First of all, this is not a Git article. This article will give a short introduction to a set of trees almost as powerful as Christmas trees: decision trees.
In this article we will briefly go through what a decision tree is, and reasons for why you should be using these trees.
In short, decision trees are models used in the field of machine learning to predict the value of a target variable based on multiple input variables. Some machine learning techniques are hard to learn and near impossible to fully understand - decision trees on the other hand can be really simple.
We will start off with a super short description of the structure of a decision tree model. The first gray circle at the top is called the root node, this is where we start. The rest of the gray circles are just called nodes - except the ones at the bottom, without any preceding nodes, these are called leafs. Take a look:
Decision trees can, as already pointed out, be simple and straightforward. Let's make the simplest possible tree, and let's use it for predicting if guests at a restaurant are vegetarian or not. Try it out:
This machine learning technique is pretty intuitive to work with, you start at the top (root node) and work your way down answering questions. The nodes asks the questions, and in the end the leafs gives us the prediction. Let’s add a question:
In the examples above the trees are only made up of one or two questions, and to be fair, there are many different types of decision trees and some of them can be complex and less intuitive to work with. That said, regular decision trees do not need to be a lot more complicated than this. At first one could think trees are too simple to handle complex problems, yet, with more nodes this technique can be surprisingly powerful.

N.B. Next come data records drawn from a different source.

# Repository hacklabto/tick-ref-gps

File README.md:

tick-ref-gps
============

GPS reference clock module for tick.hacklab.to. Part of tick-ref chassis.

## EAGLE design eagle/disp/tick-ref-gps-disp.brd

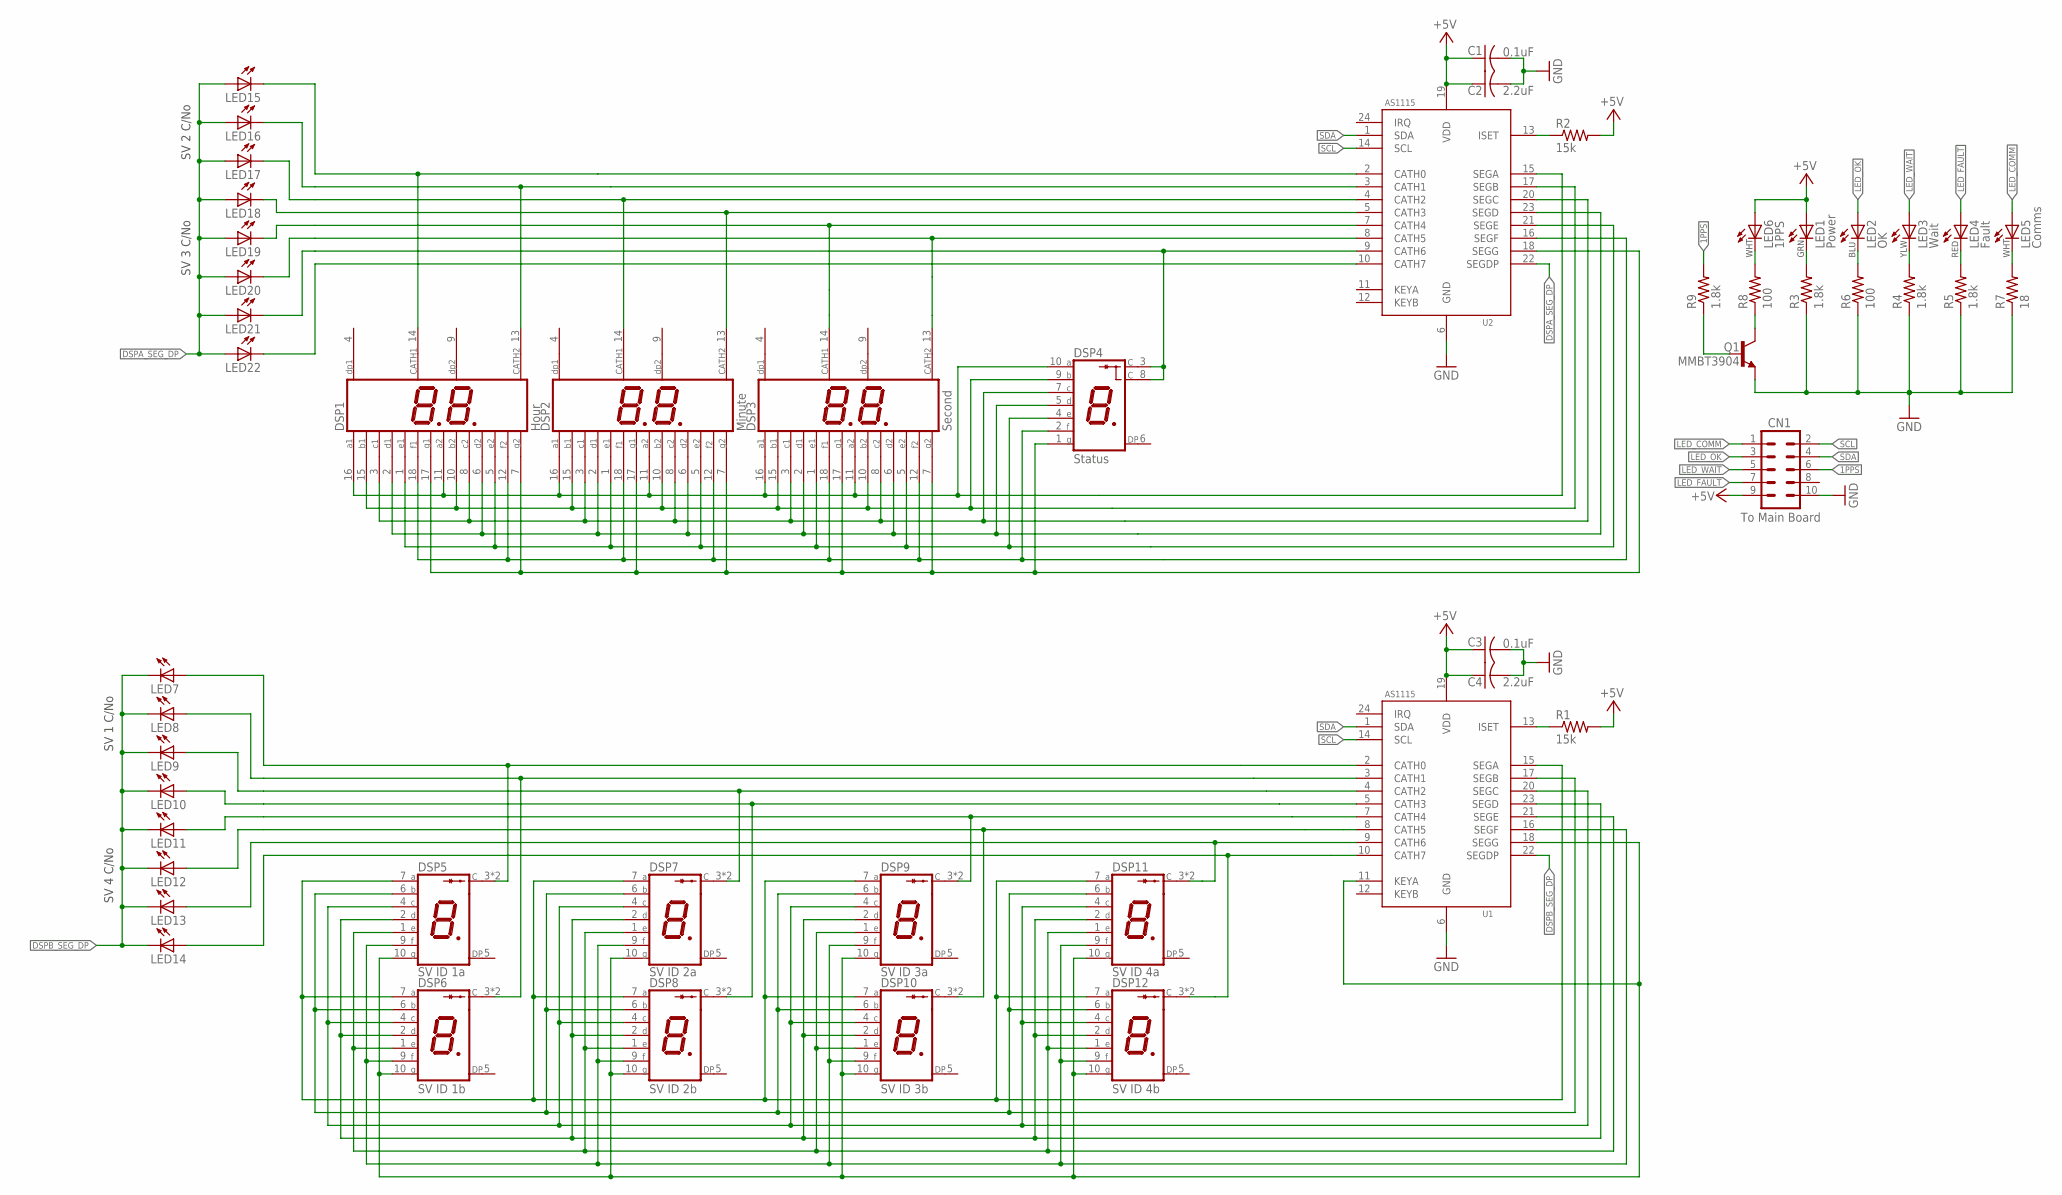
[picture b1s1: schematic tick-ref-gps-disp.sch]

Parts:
C1, C3: 0.1uF; C0603
C2, C4: 2.2uF; C0805
CN1: To Main Board; AVR_ICSP
DSP1: Hour; LUMEX-LDD-C81XRI
DSP2: Minute; LUMEX-LDD-C81XRI
DSP3: Second; LUMEX-LDD-C81XRI
DSP4: Status; S4301B
DSP5: SV ID 1a; KINGBRIGHT-ACSA02
DSP6: SV ID 1b; KINGBRIGHT-ACSA02
DSP7: SV ID 2a; KINGBRIGHT-ACSA02
DSP8: SV ID 2b; KINGBRIGHT-ACSA02
DSP9: SV ID 3a; KINGBRIGHT-ACSA02
DSP10: SV ID 3b; KINGBRIGHT-ACSA02
DSP11: SV ID 4a; KINGBRIGHT-ACSA02
DSP12: SV ID 4b; KINGBRIGHT-ACSA02
LED1: Power; LED5MM
LED2: OK; LED5MM
LED3: Wait; LED5MM
LED4: Fault; LED5MM
LED5: Comms; LED5MM
LED6: 1PPS; LED5MM
LED7, LED8, LED9, LED10, LED11, LED12, LED13, LED14, LED15, LED16, LED17, LED18, LED19, LED20, LED21, LED22: LEDCHIP-LED0805; CHIP-LED0805
Q1: MMBT3904; SOT23
R1, R2: 15k; R0603
R3, R4, R5, R9: 1.8k; R0603
R6, R8: 100; R0603
R7: 18; R0603
U1, U2: AS1115; QSOP24

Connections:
1PPS: CN1.6, R9.2
1PPS_Q: Q1.1 (B), R9.1
1PPS_R_Q: Q1.3 (C), R8.1
+5V: C1.1, C2.1, C3.1, C4.1, CN1.9, LED1.A, LED6.A, R1.2, R2.2, U1.19 (VDD), U2.19 (VDD)
CATH_HOUR_LS: DSP1.13 (CATH2), LED16.C, U2.3 (CATH1)
CATH_HOUR_MS: DSP1.14 (CATH1), LED15.C, U2.2 (CATH0)
CATH_MIN_LS: DSP2.13 (CATH2), LED18.C, U2.5 (CATH3)
CATH_MIN_MS: DSP2.14 (CATH1), LED17.C, U2.4 (CATH2)
CATH_SEC_LS: DSP3.13 (CATH2), LED20.C, U2.8 (CATH5)
CATH_SEC_MS: DSP3.14 (CATH1), LED19.C, U2.7 (CATH4)
CATH_STATUS_MS: DSP4.3 (C), DSP4.8 (C), LED21.C, U2.9 (CATH6)
CATH_STRENGTH: LED22.C, U2.10 (CATH7)
DSP5-C: DSP5.3 (CATH), DSP5.8 (CATH), LED7.A, U1.2 (CATH0)
DSP6-C: DSP6.3 (CATH), DSP6.8 (CATH), LED8.A, U1.3 (CATH1)
DSP7-C: DSP7.3 (CATH), DSP7.8 (CATH), LED9.A, U1.4 (CATH2)
DSP8-C: DSP8.3 (CATH), DSP8.8 (CATH), LED10.A, U1.5 (CATH3)
DSP9-C: DSP9.3 (CATH), DSP9.8 (CATH), LED11.A, U1.7 (CATH4)
DSP10-C: DSP10.3 (CATH), DSP10.8 (CATH), LED12.A, U1.8 (CATH5)
DSP11-C: DSP11.3 (CATH), DSP11.8 (CATH), LED13.A, U1.9 (CATH6)
DSP12-C: DSP12.3 (CATH), DSP12.8 (CATH), LED14.A, U1.10 (CATH7)
DSPA_SEG_A: DSP1.11 (A2), DSP1.16 (A1), DSP2.11 (A2), DSP2.16 (A1), DSP3.11 (A2), DSP3.16 (A1), DSP4.10 (A), U2.15 (SEGA)
DSPA_SEG_B: DSP1.10 (B2), DSP1.15 (B1), DSP2.10 (B2), DSP2.15 (B1), DSP3.10 (B2), DSP3.15 (B1), DSP4.9 (B), U2.17 (SEGB)
DSPA_SEG_C: DSP1.3 (C1), DSP1.8 (C2), DSP2.3 (C1), DSP2.8 (C2), DSP3.3 (C1), DSP3.8 (C2), DSP4.7 (C), U2.20 (SEGC)
DSPA_SEG_D: DSP1.2 (D1), DSP1.6 (D2), DSP2.2 (D1), DSP2.6 (D2), DSP3.2 (D1), DSP3.6 (D2), DSP4.5 (D), U2.23 (SEGD)
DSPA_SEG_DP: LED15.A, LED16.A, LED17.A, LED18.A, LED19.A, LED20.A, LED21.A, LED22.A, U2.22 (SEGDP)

However, trees are not always convenient. With lots of data and features, trees can be huge. They are also prone to overfitting. They get too familiar with training data, and when a real data sample is pushed through the tree, the slightest difference can send you down the wrong track and into a wrong classification. Let’s say you ask the question above at a seafood restaurant. The guests might not be vegetarian, but asking if they ate beef here will get us nowhere.
This is where bagging and boosting comes in. These techniques fall in the category: ensemble learning/models. An illustration of bagging and boosting is found below. These are techniques that utilize many weak models to create a stronger one. In other words: ensemble methods combine several decision trees to produce a better prediction than a single tree. Two well known tree based methods that use bagging and boosting respectively are Random Forest and XGBoost. But how can many trees be better than a single tree? Lets focus on bagging. Bagging is simply making a lot of similar models and use all the predictions from these models to give a more accurate result. As we mentioned in the section above, single regular decision trees are prone to overfitting. To fight this we use some simple techniques like: preventing the tree from growing too large, only split on a small random set of features, or train on only portion of the training data. When doing this the trees are less likely to memorize the training data. However, when making hundreds of random trees like this we are more likely to catch edge cases. We ask all our random trees what they think this specific restaurant guest ate, and the class with the most votes wins! All these random trees are called, you guessed it, Random Forest.
Many machine learning techniques are like a black box. For example, in neural networks, we have no idea what conclusions the neural network drew. That's not the case with trees. We can easily visualize the decision, that's just the nature of the trees. By starting at the top and answering questions on our way down, we can see and understand each small decision made up by the tree. It's difficult to get lost, just follow the branch out of the tree. I would say it's easier to get lost in Git branches than in a decision tree.